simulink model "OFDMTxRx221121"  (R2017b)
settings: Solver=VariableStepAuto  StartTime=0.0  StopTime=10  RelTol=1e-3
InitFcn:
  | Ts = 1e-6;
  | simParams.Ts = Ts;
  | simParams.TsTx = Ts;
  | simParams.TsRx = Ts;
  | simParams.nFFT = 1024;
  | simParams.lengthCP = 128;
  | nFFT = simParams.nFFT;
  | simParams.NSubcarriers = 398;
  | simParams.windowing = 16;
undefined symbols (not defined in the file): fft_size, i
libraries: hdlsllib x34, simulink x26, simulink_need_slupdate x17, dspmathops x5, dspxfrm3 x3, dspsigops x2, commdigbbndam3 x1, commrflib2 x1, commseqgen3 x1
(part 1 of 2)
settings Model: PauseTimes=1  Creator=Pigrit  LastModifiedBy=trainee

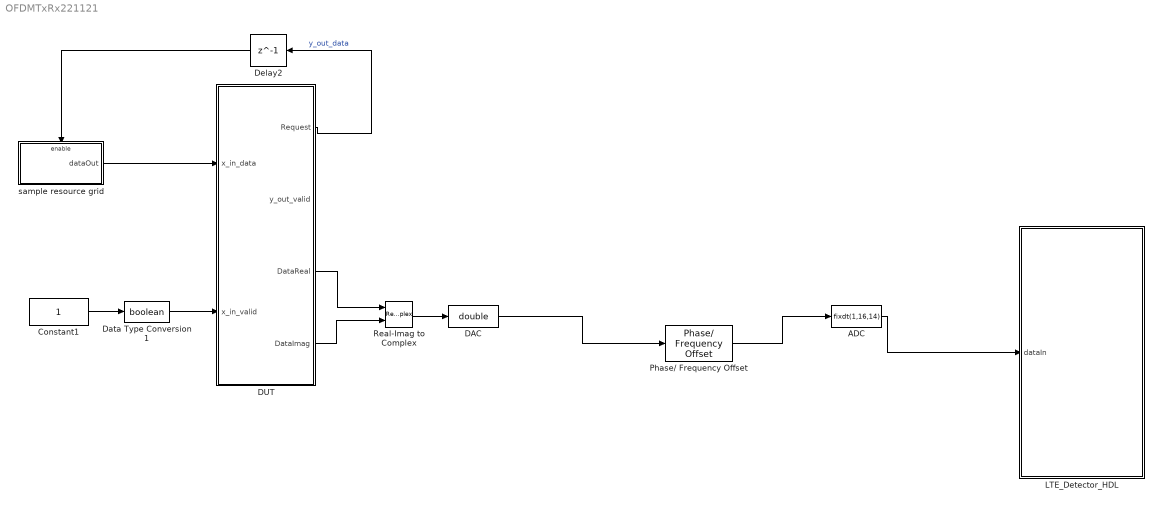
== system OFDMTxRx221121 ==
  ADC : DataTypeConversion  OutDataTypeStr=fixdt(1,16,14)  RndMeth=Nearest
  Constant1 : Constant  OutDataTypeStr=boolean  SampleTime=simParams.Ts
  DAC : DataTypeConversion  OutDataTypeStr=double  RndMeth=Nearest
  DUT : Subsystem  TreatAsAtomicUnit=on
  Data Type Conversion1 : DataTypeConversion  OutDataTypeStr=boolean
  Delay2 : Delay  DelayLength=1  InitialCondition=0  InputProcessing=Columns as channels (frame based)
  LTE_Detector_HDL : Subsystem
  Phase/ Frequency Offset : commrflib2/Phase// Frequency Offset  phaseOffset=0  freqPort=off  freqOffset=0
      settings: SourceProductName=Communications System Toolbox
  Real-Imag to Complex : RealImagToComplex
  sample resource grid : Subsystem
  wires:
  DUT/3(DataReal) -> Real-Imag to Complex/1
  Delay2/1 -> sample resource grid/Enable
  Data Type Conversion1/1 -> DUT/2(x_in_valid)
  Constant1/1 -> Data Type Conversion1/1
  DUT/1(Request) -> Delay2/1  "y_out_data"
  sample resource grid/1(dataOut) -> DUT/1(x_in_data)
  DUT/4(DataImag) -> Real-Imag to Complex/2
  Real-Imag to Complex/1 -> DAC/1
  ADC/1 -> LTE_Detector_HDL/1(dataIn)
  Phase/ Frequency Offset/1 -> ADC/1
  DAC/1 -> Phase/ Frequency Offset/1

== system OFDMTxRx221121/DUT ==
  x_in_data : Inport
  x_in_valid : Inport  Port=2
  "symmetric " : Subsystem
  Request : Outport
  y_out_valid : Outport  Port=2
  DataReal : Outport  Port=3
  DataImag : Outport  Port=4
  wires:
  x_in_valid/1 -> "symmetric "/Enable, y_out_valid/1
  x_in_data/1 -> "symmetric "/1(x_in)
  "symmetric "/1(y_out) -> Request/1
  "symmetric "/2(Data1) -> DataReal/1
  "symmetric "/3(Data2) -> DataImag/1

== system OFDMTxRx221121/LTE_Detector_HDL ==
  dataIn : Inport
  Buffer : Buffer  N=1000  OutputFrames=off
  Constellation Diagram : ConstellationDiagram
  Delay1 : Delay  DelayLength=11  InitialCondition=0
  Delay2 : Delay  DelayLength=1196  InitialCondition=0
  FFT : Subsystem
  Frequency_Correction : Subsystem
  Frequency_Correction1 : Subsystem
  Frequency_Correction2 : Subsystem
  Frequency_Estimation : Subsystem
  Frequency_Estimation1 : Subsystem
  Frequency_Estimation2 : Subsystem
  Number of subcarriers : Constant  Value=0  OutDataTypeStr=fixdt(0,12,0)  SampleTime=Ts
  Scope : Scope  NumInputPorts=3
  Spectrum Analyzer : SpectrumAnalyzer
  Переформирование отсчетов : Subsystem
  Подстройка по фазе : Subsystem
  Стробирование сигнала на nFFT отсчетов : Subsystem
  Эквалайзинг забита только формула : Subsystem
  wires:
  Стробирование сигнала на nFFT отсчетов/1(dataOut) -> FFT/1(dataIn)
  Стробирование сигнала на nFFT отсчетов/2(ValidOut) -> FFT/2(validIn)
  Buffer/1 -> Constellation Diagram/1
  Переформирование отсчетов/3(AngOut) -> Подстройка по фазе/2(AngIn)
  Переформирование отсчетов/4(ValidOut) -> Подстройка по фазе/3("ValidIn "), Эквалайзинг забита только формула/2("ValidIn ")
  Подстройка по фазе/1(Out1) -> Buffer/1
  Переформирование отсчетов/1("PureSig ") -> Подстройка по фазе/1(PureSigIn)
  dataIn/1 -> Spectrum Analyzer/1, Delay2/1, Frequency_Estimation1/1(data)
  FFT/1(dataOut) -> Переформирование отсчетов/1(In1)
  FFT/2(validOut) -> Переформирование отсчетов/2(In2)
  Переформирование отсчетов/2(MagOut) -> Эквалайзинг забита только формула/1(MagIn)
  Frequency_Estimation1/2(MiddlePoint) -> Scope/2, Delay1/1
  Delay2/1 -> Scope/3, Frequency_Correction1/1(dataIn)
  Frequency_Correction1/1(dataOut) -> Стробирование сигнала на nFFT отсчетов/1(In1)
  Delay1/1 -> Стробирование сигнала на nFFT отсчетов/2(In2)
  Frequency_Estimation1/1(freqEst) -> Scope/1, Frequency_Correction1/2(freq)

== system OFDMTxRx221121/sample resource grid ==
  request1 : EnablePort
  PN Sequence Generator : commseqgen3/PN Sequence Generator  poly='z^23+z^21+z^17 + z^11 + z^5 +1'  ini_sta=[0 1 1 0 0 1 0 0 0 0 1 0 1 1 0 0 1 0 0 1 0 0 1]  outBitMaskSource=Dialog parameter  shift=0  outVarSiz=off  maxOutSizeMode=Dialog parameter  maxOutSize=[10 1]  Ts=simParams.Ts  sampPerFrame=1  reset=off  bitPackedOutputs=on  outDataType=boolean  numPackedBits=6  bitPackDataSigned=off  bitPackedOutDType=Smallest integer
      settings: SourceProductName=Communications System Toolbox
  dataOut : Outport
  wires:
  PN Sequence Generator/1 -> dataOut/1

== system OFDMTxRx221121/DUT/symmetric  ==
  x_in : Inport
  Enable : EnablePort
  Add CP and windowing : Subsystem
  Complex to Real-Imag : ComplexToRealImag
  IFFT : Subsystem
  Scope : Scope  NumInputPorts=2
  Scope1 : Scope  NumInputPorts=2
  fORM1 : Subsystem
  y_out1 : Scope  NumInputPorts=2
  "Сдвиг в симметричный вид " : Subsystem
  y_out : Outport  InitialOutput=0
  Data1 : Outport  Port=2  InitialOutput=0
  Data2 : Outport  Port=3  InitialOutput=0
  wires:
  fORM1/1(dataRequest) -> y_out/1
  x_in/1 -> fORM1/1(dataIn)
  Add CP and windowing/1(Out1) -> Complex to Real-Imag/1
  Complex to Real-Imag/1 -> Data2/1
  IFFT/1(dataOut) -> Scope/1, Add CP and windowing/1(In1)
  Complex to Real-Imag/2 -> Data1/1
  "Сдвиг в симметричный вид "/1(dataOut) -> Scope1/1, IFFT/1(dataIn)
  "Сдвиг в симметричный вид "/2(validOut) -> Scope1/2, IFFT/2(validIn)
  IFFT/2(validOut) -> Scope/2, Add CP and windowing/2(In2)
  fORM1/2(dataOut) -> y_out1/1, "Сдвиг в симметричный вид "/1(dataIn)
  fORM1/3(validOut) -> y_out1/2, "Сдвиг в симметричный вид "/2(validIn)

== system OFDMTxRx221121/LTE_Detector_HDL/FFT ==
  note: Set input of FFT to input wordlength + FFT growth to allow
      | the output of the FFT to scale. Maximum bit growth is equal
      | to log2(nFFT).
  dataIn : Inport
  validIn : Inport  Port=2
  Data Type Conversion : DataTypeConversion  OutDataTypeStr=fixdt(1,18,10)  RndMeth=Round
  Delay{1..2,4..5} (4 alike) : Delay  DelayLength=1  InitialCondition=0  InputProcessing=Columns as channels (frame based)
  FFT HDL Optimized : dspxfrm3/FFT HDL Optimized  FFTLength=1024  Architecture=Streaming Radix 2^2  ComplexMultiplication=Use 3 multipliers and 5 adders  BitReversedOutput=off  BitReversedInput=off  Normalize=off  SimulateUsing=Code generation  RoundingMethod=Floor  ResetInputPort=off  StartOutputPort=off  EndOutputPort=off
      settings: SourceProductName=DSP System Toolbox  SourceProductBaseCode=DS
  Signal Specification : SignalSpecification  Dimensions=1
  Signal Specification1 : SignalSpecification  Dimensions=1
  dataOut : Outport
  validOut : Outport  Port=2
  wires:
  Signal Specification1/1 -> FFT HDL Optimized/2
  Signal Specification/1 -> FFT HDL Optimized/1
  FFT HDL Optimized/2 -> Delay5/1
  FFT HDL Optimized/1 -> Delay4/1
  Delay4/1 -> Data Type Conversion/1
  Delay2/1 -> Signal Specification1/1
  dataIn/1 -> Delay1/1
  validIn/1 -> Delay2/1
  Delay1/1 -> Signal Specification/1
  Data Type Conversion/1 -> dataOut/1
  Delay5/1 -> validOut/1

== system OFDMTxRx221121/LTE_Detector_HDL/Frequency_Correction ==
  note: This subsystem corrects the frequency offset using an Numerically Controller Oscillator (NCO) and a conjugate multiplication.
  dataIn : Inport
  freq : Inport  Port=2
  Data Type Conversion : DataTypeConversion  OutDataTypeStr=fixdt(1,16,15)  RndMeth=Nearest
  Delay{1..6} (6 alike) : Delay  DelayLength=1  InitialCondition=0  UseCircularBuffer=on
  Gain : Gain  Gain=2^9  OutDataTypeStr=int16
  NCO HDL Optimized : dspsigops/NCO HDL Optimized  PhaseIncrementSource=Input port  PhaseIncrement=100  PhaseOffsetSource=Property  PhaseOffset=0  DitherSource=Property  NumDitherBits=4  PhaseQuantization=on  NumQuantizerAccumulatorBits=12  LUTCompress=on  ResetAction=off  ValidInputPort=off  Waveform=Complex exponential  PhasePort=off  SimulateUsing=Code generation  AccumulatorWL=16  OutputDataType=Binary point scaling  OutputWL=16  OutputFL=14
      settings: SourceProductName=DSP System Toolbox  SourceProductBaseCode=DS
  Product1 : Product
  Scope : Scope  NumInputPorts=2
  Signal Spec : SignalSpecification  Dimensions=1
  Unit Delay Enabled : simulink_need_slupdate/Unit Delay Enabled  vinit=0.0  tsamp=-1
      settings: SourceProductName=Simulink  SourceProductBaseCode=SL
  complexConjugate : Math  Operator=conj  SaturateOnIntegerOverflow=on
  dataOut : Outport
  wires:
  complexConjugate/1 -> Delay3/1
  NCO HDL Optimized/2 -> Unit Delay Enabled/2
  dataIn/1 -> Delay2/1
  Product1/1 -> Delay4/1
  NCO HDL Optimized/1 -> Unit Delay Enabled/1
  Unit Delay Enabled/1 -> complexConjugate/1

━━━━━━━━━━━━━━━━

> **The problem**
Your response should be the lines of the entries above that include the string "resource".

> **Exercise answer**
  sample resource grid : Subsystem
  Delay2/1 -> sample resource grid/Enable
  sample resource grid/1(dataOut) -> DUT/1(x_in_data)
== system OFDMTxRx221121/sample resource grid ==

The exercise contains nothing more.